• What you will do
Using the records that appear below, write out exactly the lines from the one with "world_world.sun_shadow_jitter_overblur = 0.0" through the one with "me_cylinder = bpy.data.meshes.new('Cylinder')", keeping both end lines.
Top of Information provided
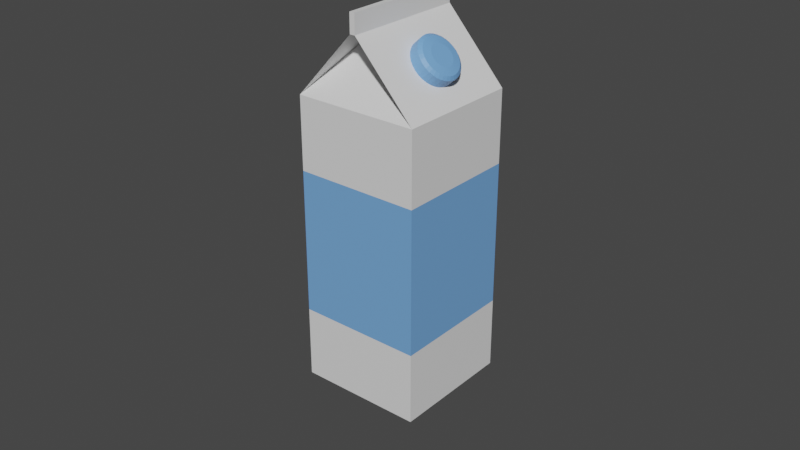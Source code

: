 # Source: milk.blend  (saved by Blender 2.93.20; exported with 4.5.12 LTS)
import bpy
from mathutils import Matrix  # noqa: F401  (used for matrix-valued properties, if any)

bpy.ops.wm.read_factory_settings(use_empty=True)
scene = bpy.context.scene
scene.name = 'Scene'

# ---- collections
col_collection = bpy.data.collections.new('Collection'); scene.collection.children.link(col_collection)

# ---- materials (node trees are filled in below, after node groups)
mat_material_003 = bpy.data.materials.new('Material.003')
mat_material_003.use_transparent_shadow = False
mat_material_001 = bpy.data.materials.new('Material.001')
mat_material_001.use_transparent_shadow = False
mat_material_002 = bpy.data.materials.new('Material.002')
mat_material_002.use_transparent_shadow = False

# ---- material node trees
mat_material_003.use_nodes = True; mat_material_003.node_tree.nodes.clear()
_N = mat_material_003.node_tree.nodes; _L = mat_material_003.node_tree.links
n0 = _N.new('ShaderNodeBsdfPrincipled'); n0.name = 'Principled BSDF'; n0.location = (10, 300)
n0.distribution = 'GGX'
n0.subsurface_method = 'BURLEY'
n0.inputs[0].default_value = (0.1714, 0.3916, 0.7991, 1.0)
n0.inputs[3].default_value = 1.45
n0.inputs[27].default_value = (0.0, 0.0, 0.0, 1.0)
n0.inputs[28].default_value = 1.0
n1 = _N.new('ShaderNodeOutputMaterial'); n1.name = 'Material Output'; n1.location = (300, 300)
_L.new(n0.outputs[0], n1.inputs[0])
n1.is_active_output = True
mat_material_001.use_nodes = True; mat_material_001.node_tree.nodes.clear()
_N = mat_material_001.node_tree.nodes; _L = mat_material_001.node_tree.links
n0 = _N.new('ShaderNodeBsdfPrincipled'); n0.name = 'Principled BSDF'; n0.location = (10, 300)
n0.distribution = 'GGX'
n0.subsurface_method = 'BURLEY'
n0.inputs[0].default_value = (0.8163, 0.8163, 0.8163, 1.0)
n0.inputs[3].default_value = 1.45
n0.inputs[27].default_value = (0.0, 0.0, 0.0, 1.0)
n0.inputs[28].default_value = 1.0
n1 = _N.new('ShaderNodeOutputMaterial'); n1.name = 'Material Output'; n1.location = (300, 300)
_L.new(n0.outputs[0], n1.inputs[0])
n1.is_active_output = True
mat_material_002.use_nodes = True; mat_material_002.node_tree.nodes.clear()
_N = mat_material_002.node_tree.nodes; _L = mat_material_002.node_tree.links
n0 = _N.new('ShaderNodeBsdfPrincipled'); n0.name = 'Principled BSDF'; n0.location = (10, 300)
n0.distribution = 'GGX'
n0.subsurface_method = 'BURLEY'
n0.inputs[0].default_value = (0.1714, 0.3916, 0.7991, 1.0)
n0.inputs[3].default_value = 1.45
n0.inputs[27].default_value = (0.0, 0.0, 0.0, 1.0)
n0.inputs[28].default_value = 1.0
n1 = _N.new('ShaderNodeOutputMaterial'); n1.name = 'Material Output'; n1.location = (300, 300)
_L.new(n0.outputs[0], n1.inputs[0])
n1.is_active_output = True

# ---- world
world_world = bpy.data.worlds.new('World'); scene.world = world_world
world_world.use_nodes = True; world_world.node_tree.nodes.clear()
_N = world_world.node_tree.nodes; _L = world_world.node_tree.links
n0 = _N.new('ShaderNodeOutputWorld'); n0.name = 'World Output'; n0.location = (300, 300)
n1 = _N.new('ShaderNodeBackground'); n1.name = 'Background'; n1.location = (10, 300)
n1.inputs[0].default_value = (0.05088, 0.05088, 0.05088, 1.0)
_L.new(n1.outputs[0], n0.inputs[0])
n0.is_active_output = True
world_world.color = (0.05088, 0.05088, 0.05088)
world_world.use_sun_shadow = False
world_world.sun_shadow_jitter_overblur = 0.0

# ---- meshes
me_cylinder = bpy.data.meshes.new('Cylinder')
me_cylinder.from_pydata([(-4.771, 1.0, 19.25), (-4.576, 0.9808, 19.25), (-4.388, 0.9239, 19.25), (-4.215, 0.8315, 19.25), (-4.064, 0.7071, 19.25), (-3.939, 0.5556, 19.25), (-3.847, 0.3827, 19.25), (-3.79, 0.1951, 19.25), (-3.771, 2.717e-08, 19.25), (-3.79, -0.1951, 19.25), (-3.847, -0.3827, 19.25), (-3.939, -0.5556, 19.25), (-4.064, -0.7071, 19.25), (-4.215, -0.8315, 19.25), (-4.388, -0.9239, 19.25), (-4.576, -0.9808, 19.25), (-4.771, -1.0, 19.25), (-4.966, -0.9808, 19.25), (-5.153, -0.9239, 19.25), (-5.326, -0.8315, 19.25), (-5.478, -0.7071, 19.25), (-5.602, -0.5556, 19.25), (-5.695, -0.3827, 19.25), (-5.752, -0.1951, 19.25), (-5.771, 8.281e-08, 19.25), (-5.752, 0.1951, 19.25), (-5.695, 0.3827, 19.25), (-5.602, 0.5556, 19.25), (-5.478, 0.7071, 19.25), (-5.326, 0.8315, 19.25), (-5.153, 0.9239, 19.25), (-4.966, 0.9808, 19.25), (-4.771, 0.5089, 21.25), (-4.771, 1.0, 20.76), (-4.771, 0.8562, 21.1), (-4.671, 0.4991, 21.25), (-4.576, 0.9808, 20.76), (-4.604, 0.8397, 21.1), (-4.576, 0.4701, 21.25), (-4.388, 0.9239, 20.76), (-4.443, 0.791, 21.1), (-4.488, 0.4231, 21.25), (-4.215, 0.8315, 20.76), (-4.295, 0.7119, 21.1), (-4.411, 0.3598, 21.25), (-4.064, 0.7071, 20.76), (-4.165, 0.6054, 21.1), (-4.348, 0.2827, 21.25), (-3.939, 0.5556, 20.76), (-4.059, 0.4757, 21.1), (-4.301, 0.1947, 21.25), (-3.847, 0.3827, 20.76), (-3.98, 0.3276, 21.1), (-4.272, 0.09928, 21.25), (-3.79, 0.1951, 20.76), (-3.931, 0.167, 21.1), (-4.262, 5.971e-08, 21.25), (-3.771, 2.717e-08, 20.76), (-3.915, 3.643e-08, 21.1), (-4.272, -0.09927, 21.25), (-3.79, -0.1951, 20.76), (-3.931, -0.167, 21.1), (-4.301, -0.1947, 21.25), (-3.847, -0.3827, 20.76), (-3.98, -0.3276, 21.1), (-4.348, -0.2827, 21.25), (-3.939, -0.5556, 20.76), (-4.059, -0.4757, 21.1), (-4.411, -0.3598, 21.25), (-4.064, -0.7071, 20.76), (-4.165, -0.6054, 21.1), (-4.488, -0.4231, 21.25), (-4.215, -0.8315, 20.76), (-4.295, -0.7119, 21.1), (-4.576, -0.4701, 21.25), (-4.388, -0.9239, 20.76), (-4.443, -0.791, 21.1), (-4.671, -0.4991, 21.25), (-4.576, -0.9808, 20.76), (-4.604, -0.8397, 21.1), (-4.771, -0.5089, 21.25), (-4.771, -1.0, 20.76), (-4.771, -0.8562, 21.1), (-4.87, -0.4991, 21.25), (-4.966, -0.9808, 20.76), (-4.938, -0.8397, 21.1), (-4.965, -0.4701, 21.25), (-5.153, -0.9239, 20.76), (-5.098, -0.791, 21.1), (-5.053, -0.4231, 21.25), (-5.326, -0.8315, 20.76), (-5.246, -0.7119, 21.1), (-5.131, -0.3598, 21.25), (-5.478, -0.7071, 20.76), (-5.376, -0.6054, 21.1), (-5.194, -0.2827, 21.25), (-5.602, -0.5556, 20.76), (-5.483, -0.4757, 21.1), (-5.241, -0.1947, 21.25), (-5.695, -0.3827, 20.76), (-5.562, -0.3276, 21.1), (-5.27, -0.09927, 21.25), (-5.752, -0.1951, 20.76), (-5.61, -0.167, 21.1), (-5.28, 8.206e-08, 21.25), (-5.771, 8.281e-08, 20.76), (-5.627, 8.299e-08, 21.1), (-5.27, 0.09928, 21.25), (-5.752, 0.1951, 20.76), (-5.61, 0.167, 21.1), (-5.241, 0.1947, 21.25), (-5.695, 0.3827, 20.76), (-5.562, 0.3276, 21.1), (-5.194, 0.2827, 21.25), (-5.602, 0.5556, 20.76), (-5.483, 0.4757, 21.1), (-5.131, 0.3598, 21.25), (-5.478, 0.7071, 20.76), (-5.376, 0.6054, 21.1), (-5.053, 0.4231, 21.25), (-5.326, 0.8315, 20.76), (-5.246, 0.7119, 21.1), (-4.965, 0.4701, 21.25), (-5.153, 0.9239, 20.76), (-5.098, 0.791, 21.1), (-4.87, 0.4991, 21.25), (-4.966, 0.9808, 20.76), (-4.938, 0.8397, 21.1), (-6.553, -2.752, 6.901), (-6.553, 2.752, 6.901), (-2.84, -2.752, 19.3), (-2.84, 2.752, 19.3), (-6.908, -2.752, 18.78), (-6.908, 2.752, 18.78), (-6.749, 2.752, 19.31), (-6.749, -2.752, 19.31), (-7.521, -2.752, 20.49), (-7.521, 2.752, 20.49), (-7.363, 2.752, 21.02), (-7.363, -2.752, 21.02), (-6.553, -0.9172, 6.901), (-6.553, 0.9172, 6.901), (-2.84, 0.9172, 19.3), (-2.84, -0.9172, 19.3), (-6.908, -0.9172, 18.78), (-6.908, 0.9172, 18.78), (-6.749, 0.9172, 19.31), (-6.749, -0.9172, 19.31), (-7.521, -0.9172, 20.49), (-7.521, 0.9172, 20.49), (-7.363, 0.9172, 21.02), (-7.363, -0.9172, 21.02), (-4.205, -2.752, 0.3506), (-4.205, 2.752, 0.3506), (-0.4919, 2.752, 12.75), (-0.4919, -2.752, 12.75), (-0.4919, 0.9172, 12.75), (-0.4919, -0.9172, 12.75), (-4.205, -0.9172, 0.3506), (-4.205, 0.9172, 0.3506), (0.4919, -2.752, -12.75), (-1.856, -2.752, -6.2), (-4.205, -2.752, 0.3506), (-4.205, 2.752, 0.3506), (-1.856, 2.752, -6.2), (0.4919, 2.752, -12.75), (-0.4919, 2.752, 12.75), (1.856, 2.752, 6.2), (4.205, 2.752, -0.3506), (-0.4919, -2.752, 12.75), (1.856, -2.752, 6.2), (4.205, -2.752, -0.3506), (-0.4919, 0.9172, 12.75), (1.856, 0.9172, 6.2), (4.205, 0.9172, -0.3506), (-0.4919, -0.9172, 12.75), (1.856, -0.9172, 6.2), (4.205, -0.9172, -0.3506), (-4.205, -0.9172, 0.3506), (-1.856, -0.9172, -6.2), (0.4919, -0.9172, -12.75), (-4.205, 0.9172, 0.3506), (-1.856, 0.9172, -6.2), (0.4919, 0.9172, -12.75), (2.84, -2.752, -19.3), (2.84, 2.752, -19.3), (6.553, -2.752, -6.901), (6.553, 2.752, -6.901), (2.84, 0.9172, -19.3), (2.84, -0.9172, -19.3), (6.553, -0.9172, -6.901), (6.553, 0.9172, -6.901), (0.4919, -2.752, -12.75), (0.4919, 2.752, -12.75), (4.205, 2.752, -0.3506), (4.205, -2.752, -0.3506), (4.205, 0.9172, -0.3506), (4.205, -0.9172, -0.3506), (0.4919, -0.9172, -12.75), (0.4919, 0.9172, -12.75)], [], [(31, 126, 33, 0), (2, 39, 42, 3), (3, 42, 45, 4), (4, 45, 48, 5), (5, 48, 51, 6), (6, 51, 54, 7), (7, 54, 57, 8), (8, 57, 60, 9), (9, 60, 63, 10), (10, 63, 66, 11), (11, 66, 69, 12), (12, 69, 72, 13), (13, 72, 75, 14), (14, 75, 78, 15), (15, 78, 81, 16), (16, 81, 84, 17), (17, 84, 87, 18), (18, 87, 90, 19), (19, 90, 93, 20), (20, 93, 96, 21), (21, 96, 99, 22), (22, 99, 102, 23), (23, 102, 105, 24), (24, 105, 108, 25), (25, 108, 111, 26), (26, 111, 114, 27), (27, 114, 117, 28), (28, 117, 120, 29), (29, 120, 123, 30), (30, 123, 126, 31), (0, 33, 36, 1), (1, 36, 39, 2), (0, 1, 2, 3, 4, 5, 6, 7, 8, 9, 10, 11, 12, 13, 14, 15, 16, 17, 18, 19, 20, 21, 22, 23, 24, 25, 26, 27, 28, 29, 30, 31), (36, 33, 34, 37), (37, 34, 32, 35), (39, 36, 37, 40), (40, 37, 35, 38), (42, 39, 40, 43), (43, 40, 38, 41), (45, 42, 43, 46), (46, 43, 41, 44), (48, 45, 46, 49), (49, 46, 44, 47), (51, 48, 49, 52), (52, 49, 47, 50), (54, 51, 52, 55), (55, 52, 50, 53), (57, 54, 55, 58), (58, 55, 53, 56), (60, 57, 58, 61), (61, 58, 56, 59), (63, 60, 61, 64), (64, 61, 59, 62), (66, 63, 64, 67), (67, 64, 62, 65), (69, 66, 67, 70), (70, 67, 65, 68), (72, 69, 70, 73), (73, 70, 68, 71), (75, 72, 73, 76), (76, 73, 71, 74), (78, 75, 76, 79), (79, 76, 74, 77), (81, 78, 79, 82), (82, 79, 77, 80), (84, 81, 82, 85), (85, 82, 80, 83), (87, 84, 85, 88), (88, 85, 83, 86), (90, 87, 88, 91), (91, 88, 86, 89), (93, 90, 91, 94), (94, 91, 89, 92), (96, 93, 94, 97), (97, 94, 92, 95), (99, 96, 97, 100), (100, 97, 95, 98), (102, 99, 100, 103), (103, 100, 98, 101), (105, 102, 103, 106), (106, 103, 101, 104), (108, 105, 106, 109), (109, 106, 104, 107), (111, 108, 109, 112), (112, 109, 107, 110), (114, 111, 112, 115), (115, 112, 110, 113), (117, 114, 115, 118), (118, 115, 113, 116), (120, 117, 118, 121), (121, 118, 116, 119), (123, 120, 121, 124), (124, 121, 119, 122), (126, 123, 124, 127), (127, 124, 122, 125), (33, 126, 127, 34), (34, 127, 125, 32), (35, 32, 125, 122, 119, 116, 113, 110, 107, 104, 101, 98, 95, 92, 89, 86, 83, 80, 77, 74, 71, 68, 65, 62, 59, 56, 53, 50, 47, 44, 41, 38), (159, 141, 129, 153), (153, 129, 131, 154), (157, 143, 130, 155), (155, 130, 128, 152), (142, 131, 134, 146), (146, 134, 138, 150), (140, 128, 132, 144), (151, 148, 136, 139), (144, 132, 136, 148), (132, 135, 139, 136), (134, 133, 137, 138), (133, 145, 149, 137), (145, 144, 148, 149), (138, 137, 149, 150), (150, 149, 148, 151), (129, 141, 145, 133), (141, 140, 144, 145), (135, 147, 151, 139), (147, 146, 150, 151), (130, 143, 147, 135), (143, 142, 146, 147), (154, 131, 142, 156), (156, 142, 143, 157), (152, 128, 140, 158), (158, 140, 141, 159), (144, 147, 135, 132), (128, 130, 147, 144), (146, 145, 133, 134), (131, 129, 145, 146), (180, 179, 182, 183), (179, 178, 181, 182), (160, 161, 179, 180), (161, 162, 178, 179), (174, 173, 176, 177), (173, 172, 175, 176), (168, 167, 173, 174), (167, 166, 172, 173), (171, 170, 161, 160), (170, 169, 162, 161), (177, 176, 170, 171), (176, 175, 169, 170), (165, 164, 167, 168), (164, 163, 166, 167), (183, 182, 164, 165), (182, 181, 163, 164), (189, 190, 186, 184), (185, 187, 191, 188), (188, 191, 190, 189), (189, 198, 199, 188), (184, 192, 198, 189), (191, 196, 197, 190), (187, 194, 196, 191), (186, 195, 192, 184), (190, 197, 195, 186), (185, 193, 194, 187), (188, 199, 193, 185)])
me_cylinder.polygons.foreach_set('material_index', [0, 0, 0, 0, 0, 0, 0, 0, 0, 0, 0, 0, 0, 0, 0, 0, 0, 0, 0, 0, 0, 0, 0, 0, 0, 0, 0, 0, 0, 0, 0, 0, 0, 0, 0, 0, 0, 0, 0, 0, 0, 0, 0, 0, 0, 0, 0, 0, 0, 0, 0, 0, 0, 0, 0, 0, 0, 0, 0, 0, 0, 0, 0, 0, 0, 0, 0, 0, 0, 0, 0, 0, 0, 0, 0, 0, 0, 0, 0, 0, 0, 0, 0, 0, 0, 0, 0, 0, 0, 0, 0, 0, 0, 0, 0, 0, 0, 0, 1, 1, 1, 1, 1, 1, 1, 1, 1, 1, 1, 1, 1, 1, 1, 1, 1, 1, 1, 1, 1, 1, 1, 1, 1, 1, 1, 1, 1, 2, 2, 2, 2, 2, 2, 2, 2, 2, 2, 2, 2, 2, 2, 2, 2, 1, 1, 1, 1, 1, 1, 1, 1, 1, 1, 1])
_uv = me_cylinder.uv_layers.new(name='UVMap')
Bottom of Information provided
• Answer to this exercise
world_world.sun_shadow_jitter_overblur = 0.0

# ---- meshes
me_cylinder = bpy.data.meshes.new('Cylinder')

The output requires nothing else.